The first is a **policy-mutation ledger** (what changed, who signed). The second is a **policy-application ledger** (what the gate decided to do, against what policy version). Together they reconstruct everything an auditor needs: "at time T, the policy was version V (proven by the in-file chain) and the agent classified ticket X as `decision=...` (proven by the decision log)."

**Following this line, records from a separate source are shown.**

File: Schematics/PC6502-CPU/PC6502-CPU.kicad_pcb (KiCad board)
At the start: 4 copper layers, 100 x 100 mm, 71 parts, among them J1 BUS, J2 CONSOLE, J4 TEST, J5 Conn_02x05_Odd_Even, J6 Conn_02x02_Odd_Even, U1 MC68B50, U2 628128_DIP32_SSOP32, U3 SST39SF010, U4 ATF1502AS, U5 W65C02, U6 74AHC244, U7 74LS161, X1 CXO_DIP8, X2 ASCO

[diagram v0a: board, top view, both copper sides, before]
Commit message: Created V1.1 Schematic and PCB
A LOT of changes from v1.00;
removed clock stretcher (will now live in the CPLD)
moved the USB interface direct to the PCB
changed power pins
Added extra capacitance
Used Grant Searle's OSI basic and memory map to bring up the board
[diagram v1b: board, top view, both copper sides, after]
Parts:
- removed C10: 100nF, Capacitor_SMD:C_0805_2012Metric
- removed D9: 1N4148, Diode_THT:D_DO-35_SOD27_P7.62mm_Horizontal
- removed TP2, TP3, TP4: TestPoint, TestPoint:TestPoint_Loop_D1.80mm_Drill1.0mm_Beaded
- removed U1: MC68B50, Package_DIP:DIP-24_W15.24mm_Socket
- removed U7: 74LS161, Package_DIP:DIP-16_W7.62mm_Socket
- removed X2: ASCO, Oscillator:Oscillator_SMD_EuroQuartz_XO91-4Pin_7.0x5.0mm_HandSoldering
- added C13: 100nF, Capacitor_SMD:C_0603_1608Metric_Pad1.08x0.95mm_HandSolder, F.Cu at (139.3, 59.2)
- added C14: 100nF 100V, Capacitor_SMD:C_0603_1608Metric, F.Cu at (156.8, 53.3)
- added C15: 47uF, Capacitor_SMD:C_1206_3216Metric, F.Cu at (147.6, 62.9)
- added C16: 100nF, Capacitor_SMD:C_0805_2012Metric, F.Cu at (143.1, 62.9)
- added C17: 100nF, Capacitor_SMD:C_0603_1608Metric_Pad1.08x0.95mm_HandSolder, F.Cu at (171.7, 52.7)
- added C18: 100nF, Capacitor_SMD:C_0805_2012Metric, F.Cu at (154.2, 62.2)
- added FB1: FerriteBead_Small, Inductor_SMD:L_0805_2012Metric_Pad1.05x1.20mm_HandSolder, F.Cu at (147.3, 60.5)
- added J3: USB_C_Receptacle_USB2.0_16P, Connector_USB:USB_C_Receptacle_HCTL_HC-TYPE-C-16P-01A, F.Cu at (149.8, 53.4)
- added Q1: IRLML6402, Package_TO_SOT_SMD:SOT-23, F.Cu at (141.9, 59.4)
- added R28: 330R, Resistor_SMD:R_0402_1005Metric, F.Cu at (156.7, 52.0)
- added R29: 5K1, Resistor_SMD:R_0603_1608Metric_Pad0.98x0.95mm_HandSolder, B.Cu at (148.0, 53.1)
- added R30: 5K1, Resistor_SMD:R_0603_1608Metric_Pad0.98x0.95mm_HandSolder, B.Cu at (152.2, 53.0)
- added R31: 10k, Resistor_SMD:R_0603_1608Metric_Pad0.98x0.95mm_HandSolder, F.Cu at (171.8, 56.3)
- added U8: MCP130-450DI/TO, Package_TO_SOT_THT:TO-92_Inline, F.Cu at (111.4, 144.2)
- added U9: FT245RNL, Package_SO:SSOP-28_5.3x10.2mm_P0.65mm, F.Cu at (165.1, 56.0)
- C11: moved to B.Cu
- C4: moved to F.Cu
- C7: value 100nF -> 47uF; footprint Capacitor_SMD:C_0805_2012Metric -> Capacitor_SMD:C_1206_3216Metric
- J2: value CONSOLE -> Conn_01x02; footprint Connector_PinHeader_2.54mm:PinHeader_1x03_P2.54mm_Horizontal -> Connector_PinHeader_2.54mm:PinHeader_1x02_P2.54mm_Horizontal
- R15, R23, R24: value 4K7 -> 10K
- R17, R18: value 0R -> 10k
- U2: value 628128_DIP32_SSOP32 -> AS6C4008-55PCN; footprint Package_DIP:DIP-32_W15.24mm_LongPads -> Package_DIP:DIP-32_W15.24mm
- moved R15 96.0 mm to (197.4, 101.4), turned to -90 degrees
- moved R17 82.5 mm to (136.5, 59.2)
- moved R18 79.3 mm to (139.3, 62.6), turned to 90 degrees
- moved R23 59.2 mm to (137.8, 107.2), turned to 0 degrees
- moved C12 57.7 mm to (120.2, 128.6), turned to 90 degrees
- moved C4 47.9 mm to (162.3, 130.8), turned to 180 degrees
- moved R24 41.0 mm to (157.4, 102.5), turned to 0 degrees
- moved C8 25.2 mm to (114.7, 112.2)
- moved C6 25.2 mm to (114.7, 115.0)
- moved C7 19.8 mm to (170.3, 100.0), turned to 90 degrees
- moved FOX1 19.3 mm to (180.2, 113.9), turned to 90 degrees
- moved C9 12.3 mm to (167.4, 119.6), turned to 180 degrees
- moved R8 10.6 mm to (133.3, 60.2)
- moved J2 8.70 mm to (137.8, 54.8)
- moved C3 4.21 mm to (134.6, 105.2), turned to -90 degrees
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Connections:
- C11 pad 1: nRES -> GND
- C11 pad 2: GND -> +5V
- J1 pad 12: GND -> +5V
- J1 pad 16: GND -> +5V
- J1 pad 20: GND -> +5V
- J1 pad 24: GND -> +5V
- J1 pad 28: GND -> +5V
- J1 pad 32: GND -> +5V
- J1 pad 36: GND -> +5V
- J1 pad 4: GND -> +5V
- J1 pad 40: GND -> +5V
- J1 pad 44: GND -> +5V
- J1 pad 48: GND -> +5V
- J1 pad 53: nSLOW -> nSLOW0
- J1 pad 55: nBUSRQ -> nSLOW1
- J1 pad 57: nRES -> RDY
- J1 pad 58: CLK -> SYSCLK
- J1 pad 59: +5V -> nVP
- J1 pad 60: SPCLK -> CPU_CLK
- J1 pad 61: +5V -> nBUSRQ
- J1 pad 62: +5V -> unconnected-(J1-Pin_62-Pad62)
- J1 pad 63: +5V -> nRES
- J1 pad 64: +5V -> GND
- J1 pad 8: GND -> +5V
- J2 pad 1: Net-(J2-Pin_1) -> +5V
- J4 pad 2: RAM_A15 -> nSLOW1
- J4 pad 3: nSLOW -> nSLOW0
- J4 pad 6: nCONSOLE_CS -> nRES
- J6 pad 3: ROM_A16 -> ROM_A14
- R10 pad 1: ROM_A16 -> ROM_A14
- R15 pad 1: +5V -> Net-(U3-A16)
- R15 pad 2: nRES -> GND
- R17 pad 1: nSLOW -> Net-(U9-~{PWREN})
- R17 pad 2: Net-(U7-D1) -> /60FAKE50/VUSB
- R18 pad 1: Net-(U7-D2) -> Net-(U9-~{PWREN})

Phase 5 of the demo dumps the in-file chain to stdout so you can see it without reaching for the CLI:

```text
─── Phase 5 — in-file audit trail (hash-chained inside the .aion) ───
  audit_trail_count = 2
  #00  ts=1777131731111673740  author=81001  action=CreateGenesis  prev_hash=0000000000000000
  #01  ts=1777131731112170658  author=81001  action=CommitVersion  prev_hash=7014bcee78291585
```

## What you'll learn from running it

- How to wrap an LLM proposer in an `.aion` policy gate without
  giving the model any way to influence the gate.
- How a single signed-policy update flips the agent's allow-list
  in real time, with full audit trail, and no model re-anything.
- How the bounded reason vocabulary makes alert rules cheap: a
  prod alert on `event="agent_refused" AND reason="signature_invalid"`
  fires only on cryptographic tamper, not on routine policy blocks.